What I learned Playing Final Fantasy VIII - AUF DEUTSCH!

I've played Final Fantasy VIII a million times. It's easily the Final Fantasy game I've finished the most, and I would ALMOST be confident of playing with my eyes shut (maybe...). I've also been studying German for a while, and have a basic, yet sorely lacking, understanding of the language. So I thought - hey! - what better idea than to play this game in German.

Warning: this is a long post. There are 23 images in this post (including the above gif which I made because I love chocbos with all my heart). Sorry for making you scroll a lot. Also I play the entire game so YES THERE ARE SPOILERS!

I find game translations/localisations really, really interesting, and I went into this German playthrough of the game with hopes of getting some fun out of some of the translation choices as well as hopefully a bit of education, so I'll be pinpointing some things that made me laugh along the way. I do notice that things that make me laugh, or otherwise elicit a noticeably emotional response, are often things I'm more likely to learn and remember.

So first of all, here's a screenshot of this guy introducing me to the CC-Freaks (Card Club). Freak is also a word in German. Good to know.

As always, I got to card playing pretty fast, and at first I was taking screenshots of sentences I fully understood, just thrilled to comprehend something.

"Was? Du willst mit mir spielen?" = "What?
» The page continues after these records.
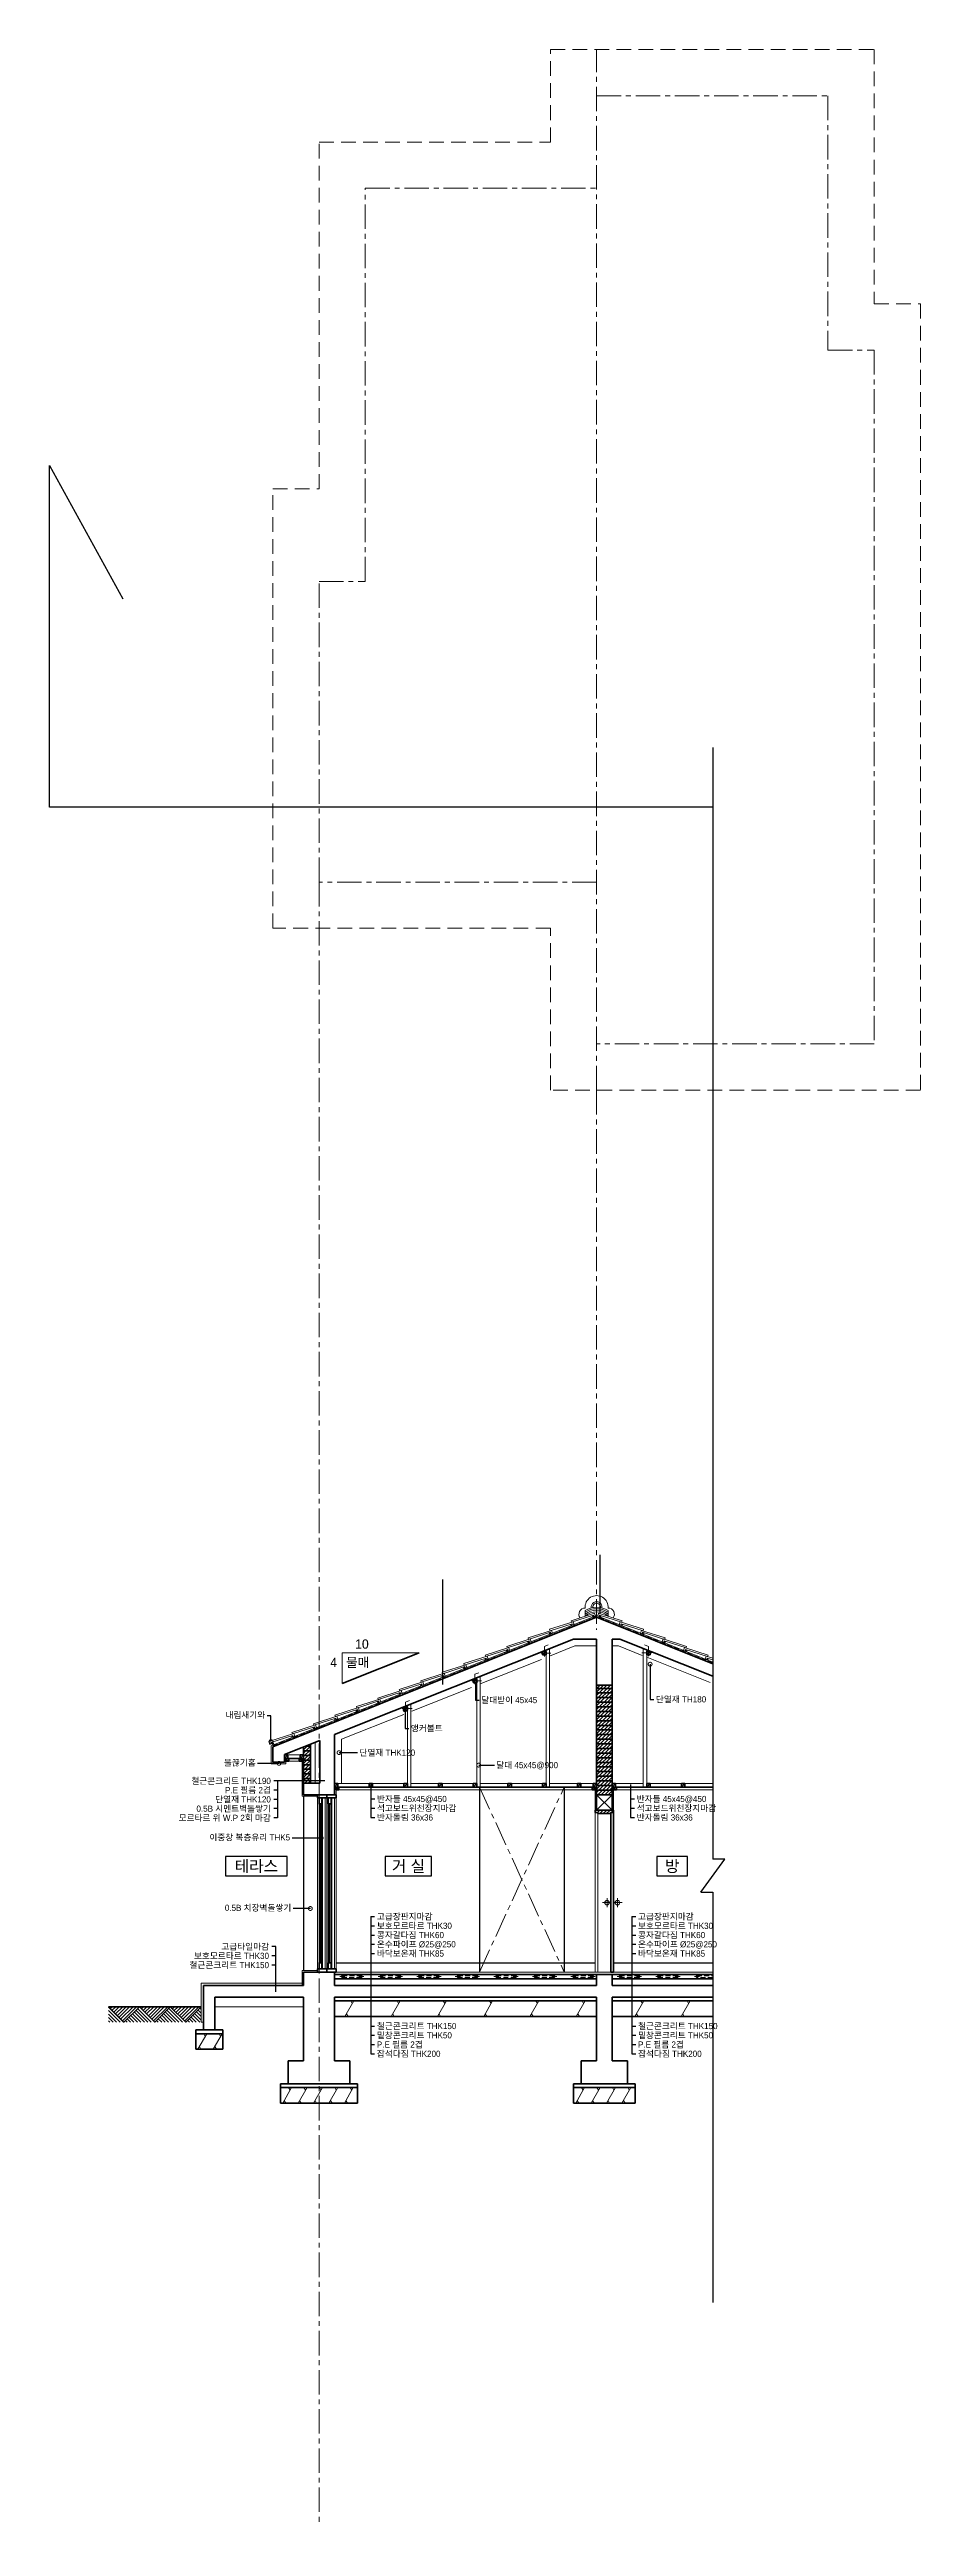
# Model space of a CAD drawing. Header units: millimetres. Extents: x -26940 to 54523, y 0 to 50405.
# Drawn here: x 9967 to 21262, y 18272 to 50405 of the extents above; entities that cross this region are included whole.
import ezdxf
from ezdxf.enums import TextEntityAlignment as Align

# ---------------------------------------------------------------- set-up
doc = ezdxf.new("R2010")
doc.units = ezdxf.units.MM
doc.header["$LTSCALE"] = 10
doc.linetypes.add('CENTER', pattern=[50.8, 31.75, -6.35, 6.35, -6.35])
doc.linetypes.add('HIDDEN', pattern=[9.525, 6.35, -3.175])
doc.layers.get('0').update_dxf_attribs({"lineweight": 30})
for name, color, linetype, lineweight in [('단면선', 2, 'Continuous', 40), ('단열재', 6, 'BATTING', 9), ('마감선', 3, 'Continuous', 20), ('문자', 7, 'Continuous', 30), ('숨은선', 6, 'HIDDEN', 9), ('입면선', 4, 'Continuous', 30), ('중심선', 1, 'CENTER', 20), ('해칭선', 6, 'Continuous', 9)]:
    doc.layers.add(name, color=color, linetype=linetype, lineweight=lineweight)
doc.styles.add('KO', font='')
doc.styles.get('KO').set_extended_font_data('Gulim')
doc.linetypes.add('BATTING', pattern='A,0.00254,-2.54,[134,ltypeshp.shx,S=2.54,R=0,X=-2.54,Y=0],-5.08,[134,ltypeshp.shx,S=2.54,R=180,X=2.54,Y=0],-2.54', length=10.16254)
doc.dimstyles.new('40$7', dxfattribs={"dimscale": 40, "dimtxt": 2, "dimasz": 2.5, "dimexe": 1.25, "dimexo": 0.625, "dimtad": 1, "dimlunit": 6, "dimtxsty": 'KO', "dimblk": 'DOTSMALL', "dimcen": 2.5, "dimclrd": 7, "dimclre": 7, "dimclrt": 7, "dimadec": 0, "dimazin": 0, "dimtfac": 1, "dimtmove": 0, "dimatfit": 3, "dimldrblk": 'DOTSMALL', "dimfxl": 1, "dimlwd": 30, "dimlwe": 30, "dimarcsym": 0})

# ---------------------------------------------------------------- blocks, each defined once
blk = doc.blocks.new('_DotSmall')
at = {"color": 0, "linetype": 'ByBlock', "const_width": 0.5}
blk.add_lwpolyline([(-0.0625, 0, 1), (0.0625, 0, 1)], format="xyb", close=True, dxfattribs=at)

msp = doc.modelspace()

# ---------------------------------------------------------------- hatches: boundary and pattern name
at = {"layer": '단면선'}
h = msp.add_hatch(dxfattribs=at)
h.set_pattern_fill('_USER', color=256, scale=60, pattern_type=0)
h.set_pattern_definition([(0, (17262.04, 27764.556), (0, 60), [])])
h.paths.add_polyline_path([(17262.039, 29184.556), (17062.039, 29184.556), (17062.039, 27764.556), (17262.039, 27764.556)])
h = msp.add_hatch(dxfattribs=at)
h.set_pattern_fill('_USER', color=256, scale=60, pattern_type=0)
h.set_pattern_definition([(0, (13291.5, 27914.556), (0, 60), [])])
h.paths.add_polyline_path([(13352.039, 28420.556), (13262.039, 28384.556), (13262.039, 27914.556), (13352.039, 27914.556)])
at = {"layer": '해칭선'}
h = msp.add_hatch(dxfattribs=at)
h.set_pattern_fill('ANSI31', color=256, scale=10)
h.paths.add_polyline_path([(17262.039, 29184.556), (17062.039, 29184.556), (17062.039, 27764.556), (17262.039, 27764.556)])
h = msp.add_hatch(dxfattribs=at)
h.set_pattern_fill('ANSI31', color=256, scale=10)
h.paths.add_polyline_path([(13352.039, 28420.556), (13262.039, 28384.556), (13262.039, 27914.556), (13352.039, 27914.556)])
h = msp.add_hatch(dxfattribs=at)
h.set_pattern_fill('ANSI31', color=256, scale=5)
h.paths.add_polyline_path([(13068.039, 28235.333), (13032.039, 28235.333), (13032.039, 28199.333), (13068.039, 28199.333)])
h = msp.add_hatch(dxfattribs=at)
h.set_pattern_fill('ANSI31', color=256, scale=5)
h.paths.add_polyline_path([(13242.039, 28235.333), (13206.039, 28235.333), (13206.039, 28199.333), (13242.039, 28199.333)])
h = msp.add_hatch(dxfattribs=at)
h.set_pattern_fill('ANSI31', color=256, scale=5)
h.set_pattern_definition([(45, (650, -370.777), (-11.22532, 11.22532), [])])
h.paths.add_polyline_path([(13718.039, 27864.556), (13682.039, 27864.556), (13682.039, 27828.556), (13718.039, 27828.556)])
h = msp.add_hatch(dxfattribs=at)
h.set_pattern_fill('ANSI31', color=256, scale=5)
h.set_pattern_definition([(45, (3800, -370.777), (-11.22532, 11.22532), [])])
h.paths.add_polyline_path([(17042.039, 27864.556), (17006.039, 27864.556), (17006.039, 27828.556), (17042.039, 27828.556)])
h = msp.add_hatch(dxfattribs=at)
h.set_pattern_fill('ANSI31', color=256, scale=5)
h.set_pattern_definition([(45, (4250, -370.777), (-11.22532, 11.22532), [])])
h.paths.add_polyline_path([(17318.039, 27864.556), (17282.039, 27864.556), (17282.039, 27828.556), (17318.039, 27828.556)])
h = msp.add_hatch(dxfattribs=at)
h.set_pattern_fill('ANSI31', color=256, scale=10)
h.paths.add_polyline_path([(17282.039, 27564.556), (17042.039, 27564.556), (17042.039, 27534.556), (17077.039, 27534.556), (17077.039, 27519.556), (17247.039, 27519.556), (17247.039, 27534.556), (17282.039, 27534.556)])
h = msp.add_hatch(dxfattribs=at)
h.set_pattern_fill('ANSI31', color=256, scale=10)
h.paths.add_polyline_path([(11132.039, 25014.556), (10732.039, 25014.556), (10932.039, 24814.556)])
h.paths.add_polyline_path([(11532.039, 25014.556), (11132.039, 25014.556), (11332.039, 24814.556)])
h.paths.add_polyline_path([(11932.039, 25014.556), (11532.039, 25014.556), (11732.039, 24814.556)])
h = msp.add_hatch(dxfattribs=at)
h.set_pattern_fill('ANSI31', color=256, scale=10, angle=90)
h.paths.add_polyline_path([(10732.039, 25014.556), (10732.039, 24814.556), (10932.039, 24814.556)])
h.paths.add_polyline_path([(11132.039, 25014.556), (10932.039, 24814.556), (11332.039, 24814.556)])
h.paths.add_polyline_path([(11532.039, 25014.556), (11332.039, 24814.556), (11732.039, 24814.556)])
h.paths.add_polyline_path([(11932.039, 25014.556), (11732.039, 24814.556), (11932.039, 24814.556)])

# ---------------------------------------------------------------- linework, layer by layer
for p, q in [((9966.639, 40574.287), (9966.639, 45008.677)), ((9966.639, 45008.677), (10916.003, 43280.992)), ((18568.446, 41351.745), (18568.446, 40574.287)), ((18568.446, 40574.287), (9966.639, 40574.287)), ((18568.446, 40574.287), (18568.446, 26930.581)), ((18412.807, 26500.677), (18724.084, 26930.581)), ((18724.084, 26930.581), (18568.446, 26930.581)), ((18412.807, 26500.677), (18568.446, 26500.677)), ((18568.446, 26500.677), (18568.446, 21178.504))]:
    msp.add_line(p, q)
at = {"layer": '단면선'}
for p, q in [((12862.039, 28386.111), (17062.039, 30066.111)), ((18568.446, 29463.548), (17062.039, 30066.111)), ((13662.039, 28544.556), (16762.039, 29784.556)), ((13761.377, 29206.209), (14761.377, 29606.209)), ((16762.039, 29784.556), (17062.039, 29784.556)), ((17062.039, 29784.556), (17062.039, 27564.556)), ((17262.039, 29784.556), (17262.039, 27564.556)), ((17262.039, 29784.556), (17362.039, 29784.556)), ((18568.446, 29301.993), (17362.039, 29784.556)), ((17062.039, 29184.556), (17262.039, 29184.556)), ((12862.039, 28386.111), (12862.039, 28186.111)), ((13012.039, 28284.556), (13472.039, 28468.556)), ((13012.039, 28186.111), (13012.039, 28284.556)), ((13262.039, 28384.556), (13262.039, 27764.556)), ((13352.039, 28420.556), (13352.039, 27914.556)), ((13472.039, 28468.556), (13472.039, 27914.556)), ((13662.039, 28544.556), (13662.039, 27764.556)), ((12862.039, 28186.111), (13012.039, 28186.111)), ((13012.039, 28235.333), (13262.039, 28235.333)), ((13262.039, 27914.556), (13472.039, 27914.556)), ((13262.039, 27764.556), (13662.039, 27764.556)), ((13479.539, 27644.556), (13479.539, 25584.556)), ((13599.539, 27644.556), (13599.539, 25584.556)), ((13662.039, 27864.556), (17062.039, 27864.556)), ((17262.039, 27864.556), (18568.446, 27864.556)), ((17042.039, 27564.556), (17282.039, 27564.556)), ((17042.039, 27534.556), (17042.039, 27564.556)), ((17077.039, 27534.556), (17042.039, 27534.556)), ((17077.039, 27519.556), (17077.039, 27534.556)), ((17247.039, 27519.556), (17077.039, 27519.556)), ((17247.039, 27534.556), (17247.039, 27519.556)), ((17282.039, 27534.556), (17247.039, 27534.556)), ((17282.039, 27564.556), (17282.039, 27534.556)), ((13662.039, 25464.556), (13262.039, 25464.556)), ((13262.039, 25464.556), (13262.039, 25289.556)), ((13662.039, 25464.556), (13662.039, 25289.556)), ((13662.039, 25434.556), (18568.446, 25434.556)), ((17062.039, 25434.556), (17062.039, 25289.556)), ((17262.039, 25434.556), (17262.039, 25289.556)), ((11962.039, 25289.556), (11962.039, 24714.556)), ((13262.039, 25289.556), (11962.039, 25289.556)), ((13262.039, 25139.556), (12112.039, 25139.556)), ((12112.039, 25139.556), (12112.039, 24714.556)), ((13262.039, 25139.556), (13262.039, 24314.556)), ((13662.039, 25374.556), (17062.039, 25374.556)), ((13662.039, 25289.556), (17062.039, 25289.556)), ((13662.039, 25139.556), (17062.039, 25139.556)), ((13662.039, 25139.556), (13662.039, 24314.556)), ((13662.039, 25089.556), (17062.039, 25089.556)), ((17062.039, 25139.556), (17062.039, 24314.556)), ((17262.039, 25374.556), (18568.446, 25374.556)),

You want to play with me?"

Shortly into the game, we are introduced to Seifer's (Cifer in German) catchphrase for Zell (Xell in German). In English this is "chicken-wuss", but in German we get "Hasenfuß" (literally "hare's foot"). This comes up often enough that it is now fully embedded into my mind, so I'm ready to insult German people, I guess (I promise not to call anyone a Hasenfuß).

I also didn't realise how much the game script has Zell angrily demanding "WHAT DID YOU SAY" or "WHAT DID YOU CALL ME", but what I find interesting here is the punctuation of this phrase and its frustrated delivery represented by bullets between each word. I can't say what punctuation is particularly German in nature (and I don't know what punctuation variants are and aren't used in the other European scripts for FF8), but it's interesting to note the punctuation choices that differ from the English script.

Even Seifer's laugh here differs from the English. "Hehe......" in the German script is "Heheheh..." in the English script. A small difference, but it might tell us a little something about the language.

There is also quite liberal use of words like "Arsch" and "Schieße", which seems to suggest that these are not super serious bad words in German. I'm not super sure about it, but they come up quite a lot and it's an amusing time.

"Gähn" means "yawn", but this screenshot shows a punctuation quirk that I really like - tildes are used to show speech that involves drawn out words. Selphie uses them a lot and it portrays her cute way of talking really well.

Of course, people also extend their words by adding more of the same vowel, like in this moment which I just HAD to include.

"You're-going to-like-me

becomes "Mich mögen, mich mööögen."

Here's Selphie being a train fanatic in German.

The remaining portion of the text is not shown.